Probing entanglement in a many-body-localized system (1805.09819v2)

Abstract: An interacting quantum system that is subject to disorder may cease to thermalize due to localization of its constituents, thereby marking the breakdown of thermodynamics. The key to our understanding of this phenomenon lies in the system's entanglement, which is experimentally challenging to measure. We realize such a many-body-localized system in a disordered Bose-Hubbard chain and characterize its entanglement properties through particle fluctuations and correlations. We observe that the particles become localized, suppressing transport and preventing the thermalization of subsystems. Notably, we measure the development of non-local correlations, whose evolution is consistent with a logarithmic growth of entanglement entropy - the haLLMark of many-body localization. Our work experimentally establishes many-body localization as a qualitatively distinct phenomenon from localization in non-interacting, disordered systems.

• The paper demonstrates that many-body localization in a disordered Bose-Hubbard model suppresses thermalization through a slow, logarithmic growth of entanglement entropy.
• It employs site-resolved imaging with digital micromirror devices to precisely measure particle fluctuations and density correlations, confirming spatial localization.
• The findings suggest that preserving non-local entanglement in MBL systems could enable robust quantum memory by retaining information in near-equilibrium states.
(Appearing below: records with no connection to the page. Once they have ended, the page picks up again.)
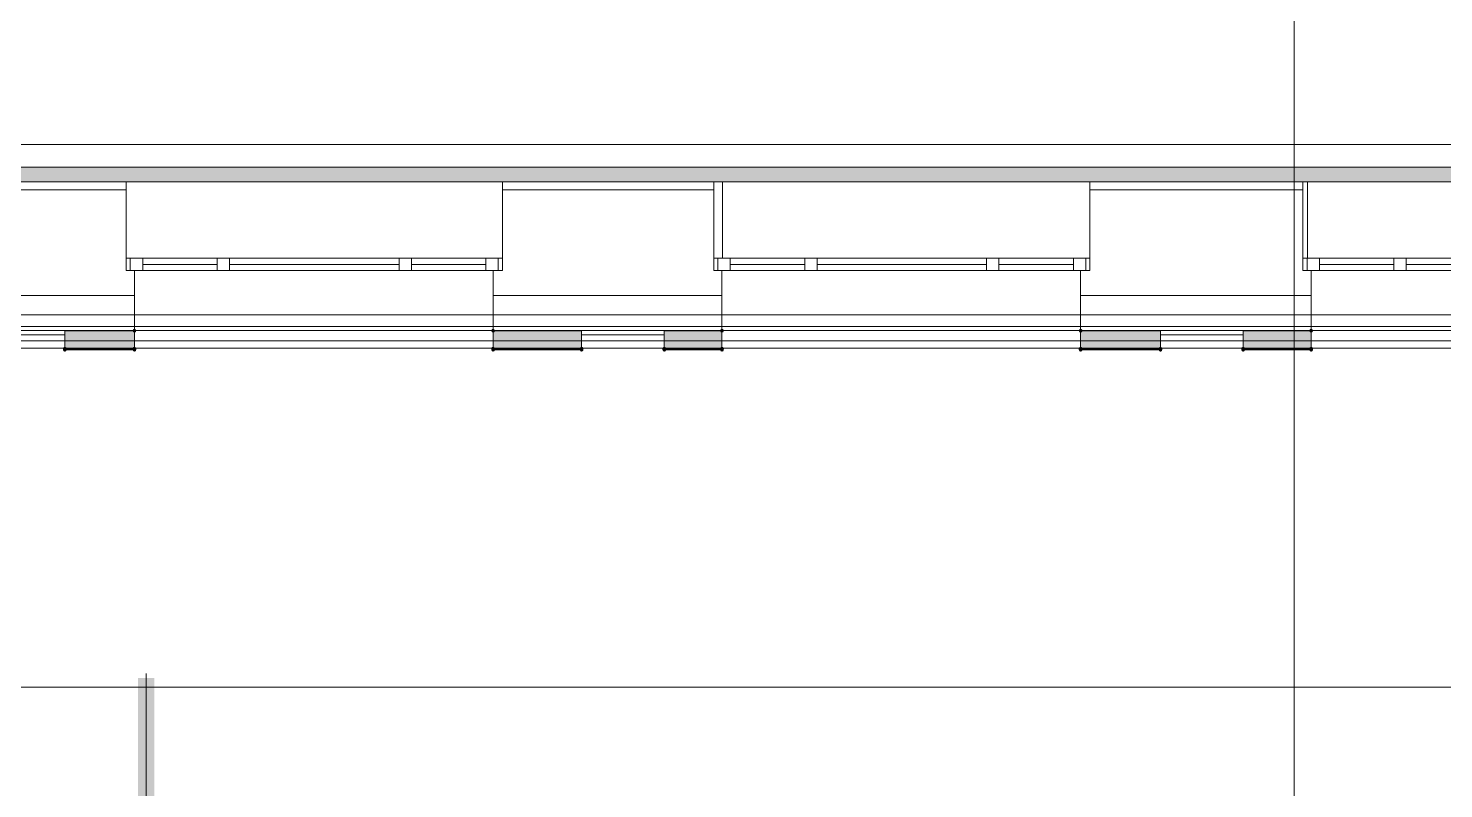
# Model space of a CAD drawing. Header units: millimetres. Extents: x 0 to 1189, y 0 to 841.
# Drawn here: x 547.9 to 616.4, y 283 to 319.7 of the extents above; entities that cross this region are included whole.
import ezdxf

# ---------------------------------------------------------------- set-up
doc = ezdxf.new("R2010")
doc.units = ezdxf.units.MM

msp = doc.modelspace()

# ---------------------------------------------------------------- hatches: boundary and pattern name
at = {"true_color": 0xf1d696}
h = msp.add_hatch(color=41, dxfattribs=at)
h.dxf.hatch_style = 2
h.paths.add_polyline_path([(632.001966, 313.004249), (632.001966, 312.304248), (465.04971, 312.304248), (465.04971, 313.004249)])
at = {"true_color": 0x3d3d3d}
h = msp.add_hatch(color=250, dxfattribs=at)
h.dxf.hatch_style = 2
h.paths.add_polyline_path([(549.70184, 305.094237), (553.068845, 305.094237), (553.068845, 304.232235), (549.70184, 304.232235)])
h = msp.add_hatch(color=7)
h.dxf.hatch_style = 2
h.paths.add_polyline_path([(553.158845, 305.104237), (553.132408, 305.167799), (553.068845, 305.194237), (553.005282, 305.167799), (552.978845, 305.104237), (552.978845, 305.094237), (553.005282, 305.030674), (553.068845, 305.004237), (553.132408, 305.030674), (553.158845, 305.094237)])
h = msp.add_hatch(color=7)
h.dxf.hatch_style = 2
h.paths.add_polyline_path([(570.328871, 305.094237), (570.355309, 305.030674), (570.418871, 305.004237), (570.482434, 305.030674), (570.508872, 305.094237), (570.508872, 305.104237), (570.482434, 305.167799), (570.418871, 305.194237), (570.355309, 305.167799), (570.328871, 305.104237)])
h = msp.add_hatch(color=250, dxfattribs=at)
h.dxf.hatch_style = 2
h.paths.add_polyline_path([(570.418871, 305.094237), (574.701878, 305.094237), (574.701878, 304.232235), (570.418871, 304.232235)])
h = msp.add_hatch(color=250, dxfattribs=at)
h.dxf.hatch_style = 2
h.paths.add_polyline_path([(578.701884, 305.094237), (581.491888, 305.094237), (581.491888, 304.232235), (578.701884, 304.232235)])
h = msp.add_hatch(color=7)
h.dxf.hatch_style = 2
h.paths.add_polyline_path([(581.581889, 305.104237), (581.555451, 305.167799), (581.491888, 305.194237), (581.428326, 305.167799), (581.401888, 305.104237), (581.401888, 305.094237), (581.428326, 305.030674), (581.491888, 305.004237), (581.555451, 305.030674), (581.581889, 305.094237)])
h = msp.add_hatch(color=7)
h.dxf.hatch_style = 2
h.paths.add_polyline_path([(598.751915, 305.094237), (598.778352, 305.030674), (598.841915, 305.004237), (598.905477, 305.030674), (598.931915, 305.094237), (598.931915, 305.104237), (598.905477, 305.167799), (598.841915, 305.194237), (598.778352, 305.167799), (598.751915, 305.104237)])
h = msp.add_hatch(color=250, dxfattribs=at)
h.dxf.hatch_style = 2
h.paths.add_polyline_path([(598.841915, 305.094237), (602.701921, 305.094237), (602.701921, 304.232235), (598.841915, 304.232235)])
h = msp.add_hatch(color=250, dxfattribs=at)
h.dxf.hatch_style = 2
h.paths.add_polyline_path([(609.991932, 305.094237), (609.991932, 304.232235), (606.701927, 304.232235), (606.701927, 305.094237)])
h = msp.add_hatch(color=7)
h.dxf.hatch_style = 2
h.paths.add_polyline_path([(610.081932, 305.104237), (610.055495, 305.167799), (609.991932, 305.194237), (609.928369, 305.167799), (609.901932, 305.104237), (609.901932, 305.094237), (609.928369, 305.030674), (609.991932, 305.004237), (610.055495, 305.030674), (610.081932, 305.094237)])
h = msp.add_hatch(color=7)
h.dxf.hatch_style = 2
h.paths.add_polyline_path([(549.79184, 304.232235), (549.765402, 304.295798), (549.70184, 304.322236), (549.638277, 304.295798), (549.61184, 304.232235), (549.61184, 304.219235), (549.638277, 304.155673), (549.70184, 304.129235), (549.765402, 304.155673), (549.79184, 304.219235)])
h = msp.add_hatch(color=7)
h.dxf.hatch_style = 2
h.paths.add_polyline_path([(549.61184, 304.211235), (549.638277, 304.147673), (549.70184, 304.121235), (549.765402, 304.147673), (549.79184, 304.211235), (549.765402, 304.277798), (549.70184, 304.304236), (549.638277, 304.277798)])
h = msp.add_hatch(color=7)
h.dxf.hatch_style = 2
h.paths.add_polyline_path([(549.61184, 304.188235), (549.638277, 304.124673), (549.70184, 304.098235), (549.765402, 304.124673), (549.79184, 304.188235), (549.765402, 304.255798), (549.70184, 304.282236), (549.638277, 304.255798)])
h = msp.add_hatch(color=7)
h.dxf.hatch_style = 2
h.paths.add_polyline_path([(549.61184, 304.176235), (549.638277, 304.112673), (549.70184, 304.086235), (549.765402, 304.112673), (549.79184, 304.176235), (549.79184, 304.189235), (549.765402, 304.252798), (549.70184, 304.279236), (549.638277, 304.252798), (549.61184, 304.189235)])
h = msp.add_hatch(color=7)
h.dxf.hatch_style = 2
h.paths.add_polyline_path([(549.79184, 304.189235), (549.765402, 304.252798), (549.70184, 304.279236), (549.638277, 304.252798), (549.61184, 304.189235), (549.61184, 304.176235), (549.638277, 304.112673), (549.70184, 304.086235), (549.765402, 304.112673), (549.79184, 304.176235)])
h = msp.add_hatch(color=7)
h.dxf.hatch_style = 2
h.paths.add_polyline_path([(549.79184, 304.186235), (549.765402, 304.249798), (549.70184, 304.276236), (549.638277, 304.249798), (549.61184, 304.186235), (549.61184, 304.176235), (549.638277, 304.112673), (549.70184, 304.086235), (549.765402, 304.112673), (549.79184, 304.176235)])
h = msp.add_hatch(color=250, dxfattribs=at)
h.dxf.hatch_style = 2
h.paths.add_polyline_path([(553.068845, 304.214235), (549.70184, 304.214235)])
h = msp.add_hatch(color=250, dxfattribs=at)
h.dxf.hatch_style = 2
h.paths.add_polyline_path([(549.70184, 304.176235), (549.70184, 304.188235), (553.068845, 304.188235), (553.068845, 304.176235)])
h = msp.add_hatch(color=7)
h.dxf.hatch_style = 2
h.paths.add_polyline_path([(552.978845, 304.219235), (553.005282, 304.155673), (553.068845, 304.129235), (553.132408, 304.155673), (553.158845, 304.219235), (553.158845, 304.232235), (553.132408, 304.295798), (553.068845, 304.322236), (553.005282, 304.295798), (552.978845, 304.232235)])
h = msp.add_hatch(color=7)
h.dxf.hatch_style = 2
h.paths.add_polyline_path([(553.158845, 304.214235), (553.132408, 304.277798), (553.068845, 304.304236), (553.005282, 304.277798), (552.978845, 304.214235), (553.005282, 304.147673), (553.068845, 304.121235), (553.132408, 304.147673)])
h = msp.add_hatch(color=7)
h.dxf.hatch_style = 2
h.paths.add_polyline_path([(553.158845, 304.192235), (553.132408, 304.255798), (553.068845, 304.282236), (553.005282, 304.255798), (552.978845, 304.192235), (553.005282, 304.124673), (553.068845, 304.098235), (553.132408, 304.124673)])
h = msp.add_hatch(color=7)
h.dxf.hatch_style = 2
h.paths.add_polyline_path([(552.978845, 304.176235), (553.005282, 304.112673), (553.068845, 304.086235), (553.132408, 304.112673), (553.158845, 304.176235), (553.158845, 304.189235), (553.132408, 304.252798), (553.068845, 304.279236), (553.005282, 304.252798), (552.978845, 304.189235)])
h = msp.add_hatch(color=7)
h.dxf.hatch_style = 2
h.paths.add_polyline_path([(553.158845, 304.189235), (553.132408, 304.252798), (553.068845, 304.279236), (553.005282, 304.252798), (552.978845, 304.189235), (552.978845, 304.176235), (553.005282, 304.112673), (553.068845, 304.086235), (553.132408, 304.112673), (553.158845, 304.176235)])
h = msp.add_hatch(color=7)
h.dxf.hatch_style = 2
h.paths.add_polyline_path([(552.978845, 304.176235), (553.005282, 304.112673), (553.068845, 304.086235), (553.132408, 304.112673), (553.158845, 304.176235), (553.158845, 304.186235), (553.132408, 304.249798), (553.068845, 304.276236), (553.005282, 304.249798), (552.978845, 304.186235)])
h = msp.add_hatch(color=7)
h.dxf.hatch_style = 2
h.paths.add_polyline_path([(570.508872, 304.232235), (570.482434, 304.295798), (570.418871, 304.322236), (570.355309, 304.295798), (570.328871, 304.232235), (570.328871, 304.219235), (570.355309, 304.155673), (570.418871, 304.129235), (570.482434, 304.155673), (570.508872, 304.219235)])
h = msp.add_hatch(color=7)
h.dxf.hatch_style = 2
h.paths.add_polyline_path([(570.328871, 304.211235), (570.355309, 304.147673), (570.418871, 304.121235), (570.482434, 304.147673), (570.508872, 304.211235), (570.482434, 304.277798), (570.418871, 304.304236), (570.355309, 304.277798)])
h = msp.add_hatch(color=7)
h.dxf.hatch_style = 2
h.paths.add_polyline_path([(570.328871, 304.188235), (570.355309, 304.124673), (570.418871, 304.098235), (570.482434, 304.124673), (570.508872, 304.188235), (570.482434, 304.255798), (570.418871, 304.282236), (570.355309, 304.255798)])
h = msp.add_hatch(color=7)
h.dxf.hatch_style = 2
h.paths.add_polyline_path([(570.328871, 304.176235), (570.355309, 304.112673), (570.418871, 304.086235), (570.482434, 304.112673), (570.508872, 304.176235), (570.508872, 304.189235), (570.482434, 304.252798), (570.418871, 304.279236), (570.355309, 304.252798), (570.328871, 304.189235)])
h = msp.add_hatch(color=7)
h.dxf.hatch_style = 2
h.paths.add_polyline_path([(570.508872, 304.189235), (570.482434, 304.252798), (570.418871, 304.279236), (570.355309, 304.252798), (570.328871, 304.189235), (570.328871, 304.176235), (570.355309, 304.112673), (570.418871, 304.086235), (570.482434, 304.112673), (570.508872, 304.176235)])
h = msp.add_hatch(color=7)
h.dxf.hatch_style = 2
h.paths.add_polyline_path([(570.508872, 304.186235), (570.482434, 304.249798), (570.418871, 304.276236), (570.355309, 304.249798), (570.328871, 304.186235), (570.328871, 304.176235), (570.355309, 304.112673), (570.418871, 304.086235), (570.482434, 304.112673), (570.508872, 304.176235)])
h = msp.add_hatch(color=250, dxfattribs=at)
h.dxf.hatch_style = 2
h.paths.add_polyline_path([(574.701878, 304.214235), (570.418871, 304.214235)])
h = msp.add_hatch(color=250, dxfattribs=at)
h.dxf.hatch_style = 2
h.paths.add_polyline_path([(570.418871, 304.176235), (570.418871, 304.188235), (574.701878, 304.188235), (574.701878, 304.176235)])
h = msp.add_hatch(color=7)
h.dxf.hatch_style = 2
h.paths.add_polyline_path([(574.611878, 304.219235), (574.638315, 304.155673), (574.701878, 304.129235), (574.765441, 304.155673), (574.791878, 304.219235), (574.791878, 304.232235), (574.765441, 304.295798), (574.701878, 304.322236), (574.638315, 304.295798), (574.611878, 304.232235)])
h = msp.add_hatch(color=7)
h.dxf.hatch_style = 2
h.paths.add_polyline_path([(574.791878, 304.214235), (574.765441, 304.277798), (574.701878, 304.304236), (574.638315, 304.277798), (574.611878, 304.214235), (574.638315, 304.147673), (574.701878, 304.121235), (574.765441, 304.147673)])
h = msp.add_hatch(color=7)
h.dxf.hatch_style = 2
h.paths.add_polyline_path([(574.791878, 304.192235), (574.765441, 304.255798), (574.701878, 304.282236), (574.638315, 304.255798), (574.611878, 304.192235), (574.638315, 304.124673), (574.701878, 304.098235), (574.765441, 304.124673)])
h = msp.add_hatch(color=7)
h.dxf.hatch_style = 2
h.paths.add_polyline_path([(574.611878, 304.176235), (574.638315, 304.112673), (574.701878, 304.086235), (574.765441, 304.112673), (574.791878, 304.176235), (574.791878, 304.189235), (574.765441, 304.252798), (574.701878, 304.279236), (574.638315, 304.252798), (574.611878, 304.189235)])
h = msp.add_hatch(color=7)
h.dxf.hatch_style = 2
h.paths.add_polyline_path([(574.791878, 304.189235), (574.765441, 304.252798), (574.701878, 304.279236), (574.638315, 304.252798), (574.611878, 304.189235), (574.611878, 304.176235), (574.638315, 304.112673), (574.701878, 304.086235), (574.765441, 304.112673), (574.791878, 304.176235)])
h = msp.add_hatch(color=7)
h.dxf.hatch_style = 2
h.paths.add_polyline_path([(574.611878, 304.176235), (574.638315, 304.112673), (574.701878, 304.086235), (574.765441, 304.112673), (574.791878, 304.176235), (574.791878, 304.186235), (574.765441, 304.249798), (574.701878, 304.276236), (574.638315, 304.249798), (574.611878, 304.186235)])
h = msp.add_hatch(color=7)
h.dxf.hatch_style = 2
h.paths.add_polyline_path([(578.791884, 304.232235), (578.765447, 304.295798), (578.701884, 304.322236), (578.638322, 304.295798), (578.611884, 304.232235), (578.611884, 304.219235), (578.638322, 304.155673), (578.701884, 304.129235), (578.765447, 304.155673), (578.791884, 304.219235)])
h = msp.add_hatch(color=7)
h.dxf.hatch_style = 2
h.paths.add_polyline_path([(578.611884, 304.211235), (578.638322, 304.147673), (578.701884, 304.121235), (578.765447, 304.147673), (578.791884, 304.211235), (578.765447, 304.277798), (578.701884, 304.304236), (578.638322, 304.277798)])
h = msp.add_hatch(color=7)
h.dxf.hatch_style = 2
h.paths.add_polyline_path([(578.611884, 304.188235), (578.638322, 304.124673), (578.701884, 304.098235), (578.765447, 304.124673), (578.791884, 304.188235), (578.765447, 304.255798), (578.701884, 304.282236), (578.638322, 304.255798)])
h = msp.add_hatch(color=7)
h.dxf.hatch_style = 2
h.paths.add_polyline_path([(578.611884, 304.176235), (578.638322, 304.112673), (578.701884, 304.086235), (578.765447, 304.112673), (578.791884, 304.176235), (578.791884, 304.189235), (578.765447, 304.252798), (578.701884, 304.279236), (578.638322, 304.252798), (578.611884, 304.189235)])
h = msp.add_hatch(color=7)
h.dxf.hatch_style = 2
h.paths.add_polyline_path([(578.791884, 304.189235), (578.765447, 304.252798), (578.701884, 304.279236), (578.638322, 304.252798), (578.611884, 304.189235), (578.611884, 304.176235), (578.638322, 304.112673), (578.701884, 304.086235), (578.765447, 304.112673), (578.791884, 304.176235)])
h = msp.add_hatch(color=7)
h.dxf.hatch_style = 2
h.paths.add_polyline_path([(578.791884, 304.186235), (578.765447, 304.249798), (578.701884, 304.276236), (578.638322, 304.249798), (578.611884, 304.186235), (578.611884, 304.176235), (578.638322, 304.112673), (578.701884, 304.086235), (578.765447, 304.112673), (578.791884, 304.176235)])
h = msp.add_hatch(color=250, dxfattribs=at)
h.dxf.hatch_style = 2
h.paths.add_polyline_path([(581.491888, 304.214235), (578.701884, 304.214235)])
h = msp.add_hatch(color=250, dxfattribs=at)
h.dxf.hatch_style = 2
h.paths.add_polyline_path([(578.701884, 304.176235), (578.701884, 304.188235), (581.491888, 304.188235), (581.491888, 304.176235)])
h = msp.add_hatch(color=7)
h.dxf.hatch_style = 2
h.paths.add_polyline_path([(581.401888, 304.219235), (581.428326, 304.155673), (581.491888, 304.129235), (581.555451, 304.155673), (581.581889, 304.219235), (581.581889, 304.232235), (581.555451, 304.295798), (581.491888, 304.322236), (581.428326, 304.295798), (581.401888, 304.232235)])
h = msp.add_hatch(color=7)
h.dxf.hatch_style = 2
h.paths.add_polyline_path([(581.581889, 304.214235), (581.555451, 304.277798), (581.491888, 304.304236), (581.428326, 304.277798), (581.401888, 304.214235), (581.428326, 304.147673), (581.491888, 304.121235), (581.555451, 304.147673)])
h = msp.add_hatch(color=7)
h.dxf.hatch_style = 2
h.paths.add_polyline_path([(581.581889, 304.192235), (581.555451, 304.255798), (581.491888, 304.282236), (581.428326, 304.255798), (581.401888, 304.192235), (581.428326, 304.124673), (581.491888, 304.098235), (581.555451, 304.124673)])
h = msp.add_hatch(color=7)
h.dxf.hatch_style = 2
h.paths.add_polyline_path([(581.401888, 304.176235), (581.428326, 304.112673), (581.491888, 304.086235), (581.555451, 304.112673), (581.581889, 304.176235), (581.581889, 304.189235), (581.555451, 304.252798), (581.491888, 304.279236), (581.428326, 304.252798), (581.401888, 304.189235)])
h = msp.add_hatch(color=7)
h.dxf.hatch_style = 2
h.paths.add_polyline_path([(581.581889, 304.189235), (581.555451, 304.252798), (581.491888, 304.279236), (581.428326, 304.252798), (581.401888, 304.189235), (581.401888, 304.176235), (581.428326, 304.112673), (581.491888, 304.086235), (581.555451, 304.112673), (581.581889, 304.176235)])
h = msp.add_hatch(color=7)
h.dxf.hatch_style = 2
h.paths.add_polyline_path([(581.401888, 304.176235), (581.428326, 304.112673), (581.491888, 304.086235), (581.555451, 304.112673), (581.581889, 304.176235), (581.581889, 304.186235), (581.555451, 304.249798), (581.491888, 304.276236), (581.428326, 304.249798), (581.401888, 304.186235)])
h = msp.add_hatch(color=7)
h.dxf.hatch_style = 2
h.paths.add_polyline_path([(598.931915, 304.232235), (598.905477, 304.295798), (598.841915, 304.322236), (598.778352, 304.295798), (598.751915, 304.232235), (598.751915, 304.219235), (598.778352, 304.155673), (598.841915, 304.129235), (598.905477, 304.155673), (598.931915, 304.219235)])
h = msp.add_hatch(color=7)
h.dxf.hatch_style = 2
h.paths.add_polyline_path([(598.751915, 304.211235), (598.778352, 304.147673), (598.841915, 304.121235), (598.905477, 304.147673), (598.931915, 304.211235), (598.905477, 304.277798), (598.841915, 304.304236), (598.778352, 304.277798)])
h = msp.add_hatch(color=7)
h.dxf.hatch_style = 2
h.paths.add_polyline_path([(598.751915, 304.188235), (598.778352, 304.124673), (598.841915, 304.098235), (598.905477, 304.124673), (598.931915, 304.188235), (598.905477, 304.255798), (598.841915, 304.282236), (598.778352, 304.255798)])
h = msp.add_hatch(color=7)
h.dxf.hatch_style = 2
h.paths.add_polyline_path([(598.751915, 304.176235), (598.778352, 304.112673), (598.841915, 304.086235), (598.905477, 304.112673), (598.931915, 304.176235), (598.931915, 304.189235), (598.905477, 304.252798), (598.841915, 304.279236), (598.778352, 304.252798), (598.751915, 304.189235)])
h = msp.add_hatch(color=7)
h.dxf.hatch_style = 2
h.paths.add_polyline_path([(598.931915, 304.189235), (598.905477, 304.252798), (598.841915, 304.279236), (598.778352, 304.252798), (598.751915, 304.189235), (598.751915, 304.176235), (598.778352, 304.112673), (598.841915, 304.086235), (598.905477, 304.112673), (598.931915, 304.176235)])
h = msp.add_hatch(color=7)
h.dxf.hatch_style = 2
h.paths.add_polyline_path([(598.931915, 304.186235), (598.905477, 304.249798), (598.841915, 304.276236), (598.778352, 304.249798), (598.751915, 304.186235), (598.751915, 304.176235), (598.778352, 304.112673), (598.841915, 304.086235), (598.905477, 304.112673), (598.931915, 304.176235)])
h = msp.add_hatch(color=250, dxfattribs=at)
h.dxf.hatch_style = 2
h.paths.add_polyline_path([(602.701921, 304.214235), (598.841915, 304.214235)])
h = msp.add_hatch(color=250, dxfattribs=at)
h.dxf.hatch_style = 2
h.paths.add_polyline_path([(598.841915, 304.176235), (598.841915, 304.188235), (602.701921, 304.188235), (602.701921, 304.176235)])
h = msp.add_hatch(color=7)
h.dxf.hatch_style = 2
h.paths.add_polyline_path([(602.611921, 304.219235), (602.638358, 304.155673), (602.701921, 304.129235), (602.765483, 304.155673), (602.791921, 304.219235), (602.791921, 304.232235), (602.765483, 304.295798), (602.701921, 304.322236), (602.638358, 304.295798), (602.611921, 304.232235)])
h = msp.add_hatch(color=7)
h.dxf.hatch_style = 2
h.paths.add_polyline_path([(602.791921, 304.214235), (602.765483, 304.277798), (602.701921, 304.304236), (602.638358, 304.277798), (602.611921, 304.214235), (602.638358, 304.147673), (602.701921, 304.121235), (602.765483, 304.147673)])
h = msp.add_hatch(color=7)
h.dxf.hatch_style = 2
h.paths.add_polyline_path([(602.791921, 304.192235), (602.765483, 304.255798), (602.701921, 304.282236), (602.638358, 304.255798), (602.611921, 304.192235), (602.638358, 304.124673), (602.701921, 304.098235), (602.765483, 304.124673)])
h = msp.add_hatch(color=7)
h.dxf.hatch_style = 2
h.paths.add_polyline_path([(602.611921, 304.176235), (602.638358, 304.112673), (602.701921, 304.086235), (602.765483, 304.112673), (602.791921, 304.176235), (602.791921, 304.189235), (602.765483, 304.252798), (602.701921, 304.279236), (602.638358, 304.252798), (602.611921, 304.189235)])
h = msp.add_hatch(color=7)
h.dxf.hatch_style = 2
h.paths.add_polyline_path([(602.791921, 304.189235), (602.765483, 304.252798), (602.701921, 304.279236), (602.638358, 304.252798), (602.611921, 304.189235), (602.611921, 304.176235), (602.638358, 304.112673), (602.701921, 304.086235), (602.765483, 304.112673), (602.791921, 304.176235)])
h = msp.add_hatch(color=7)
h.dxf.hatch_style = 2
h.paths.add_polyline_path([(602.611921, 304.176235), (602.638358, 304.112673), (602.701921, 304.086235), (602.765483, 304.112673), (602.791921, 304.176235), (602.791921, 304.186235), (602.765483, 304.249798), (602.701921, 304.276236), (602.638358, 304.249798), (602.611921, 304.186235)])
h = msp.add_hatch(color=7)
h.dxf.hatch_style = 2
h.paths.add_polyline_path([(606.791927, 304.232235), (606.76549, 304.295798), (606.701927, 304.322236), (606.638364, 304.295798), (606.611927, 304.232235), (606.611927, 304.219235), (606.638364, 304.155673), (606.701927, 304.129235), (606.76549, 304.155673), (606.791927, 304.219235)])
h = msp.add_hatch(color=7)
h.dxf.hatch_style = 2
h.paths.add_polyline_path([(606.611927, 304.211235), (606.638364, 304.147673), (606.701927, 304.121235), (606.76549, 304.147673), (606.791927, 304.211235), (606.76549, 304.277798), (606.701927, 304.304236), (606.638364, 304.277798)])
h = msp.add_hatch(color=7)
h.dxf.hatch_style = 2
h.paths.add_polyline_path([(606.611927, 304.188235), (606.638364, 304.124673), (606.701927, 304.098235), (606.76549, 304.124673), (606.791927, 304.188235), (606.76549, 304.255798), (606.701927, 304.282236), (606.638364, 304.255798)])
h = msp.add_hatch(color=7)
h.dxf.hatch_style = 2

Probing Entanglement in a Many-Body-Localized System

The research paper titled "Probing Entanglement in a Many-Body-Localized System" by Lukin et al. provides an intricate paper of many-body localization (MBL) and its distinguishing characteristics from Anderson localization in quantum systems. The work utilizes a disordered Bose-Hubbard model to examine the breakdown of thermalization, focusing on the system's entanglement properties.

Overview

The paper demonstrates that MBL systems exhibit behaviors incompatible with classical thermalization processes due to the presence of disorder and interactions. Disorder in a quantum system can halt transport, leading to localization, which prevents thermal equilibration of subsystems. The paper highlights how non-local correlations evolve, consistent with a logarithmic growth of entanglement entropy, the haLLMark of MBL.

Experimental Methodology

The authors implement an experimental setup using a one-dimensional Bose-Hubbard chain, employing quasiperiodic potentials to introduce disorder. Characterization of entanglement properties is accomplished by measuring particle fluctuations and correlations among particles, which exhibit a stationary particle distribution indicative of localization.

Significant aspects of the experimentation include:

• The utilization of DMDs (Digital Micromirror Devices) for potential modulation and site-resolved imaging.
• Measurement of the single-site von Neumann entropy indicates suppressed entropy growth in strong disorder cases, highlighting a lack of thermalization.
• Analysis of density-density correlations reveals exponential decay that correlates with the localization length of particles suffused by disorder strength.

Key Findings

1. Breakdown of Thermalization: The data shows a suppressed growth of the number entropy, $S_\text{n}$, attributing to transport inhibition, an expected consequence of many-body localization.
2. Spatial Localization: The results illustrate an exponential decay in density-density correlations for strong disorder, confirming the particles' spatial localization.
3. Entanglement Dynamics: Examination of configurational entanglement, quantified via configurational correlators, $C$, indicates a slow, logarithmic growth despite saturation in number entanglement.
4. Scaling of Entropy: The paper presents a volume-law scaling of configurational entanglement over subsystem sizes, suggesting non-local correlation formation.

Theoretical Implications

The paper suggests that MBL systems may be understood by examining local integrals of motion, representing conserved quantities in localization. This view aligns MBL with the behavior of integrable, non-thermalizing systems.

Practical Implications

The findings endorse potential uses for MBL systems in developing quantum memory, where retained memory of initial conditions allows information storage at near-equilibrium states that are resistant to external perturbations tied to thermalization.

Future Directions

The research hints at various directions for further investigation:

• Expanding the paper to larger systems could reveal critical properties at the thermal-MBL transition.
• Exploring the interplay between interacting MBL states with thermal regions to paper Griffiths dynamics.
• Practical examination of MBL states as candidates for quantum storage solutions, leveraging the Rydberg atom platform's native properties.

This document serves to expand understanding of entanglement dynamics in disordered quantum systems, providing critical insights into when and how they diverge from conventional thermodynamic behavior, and framing the discussion for exploring complex phenomena in quantum mechanics.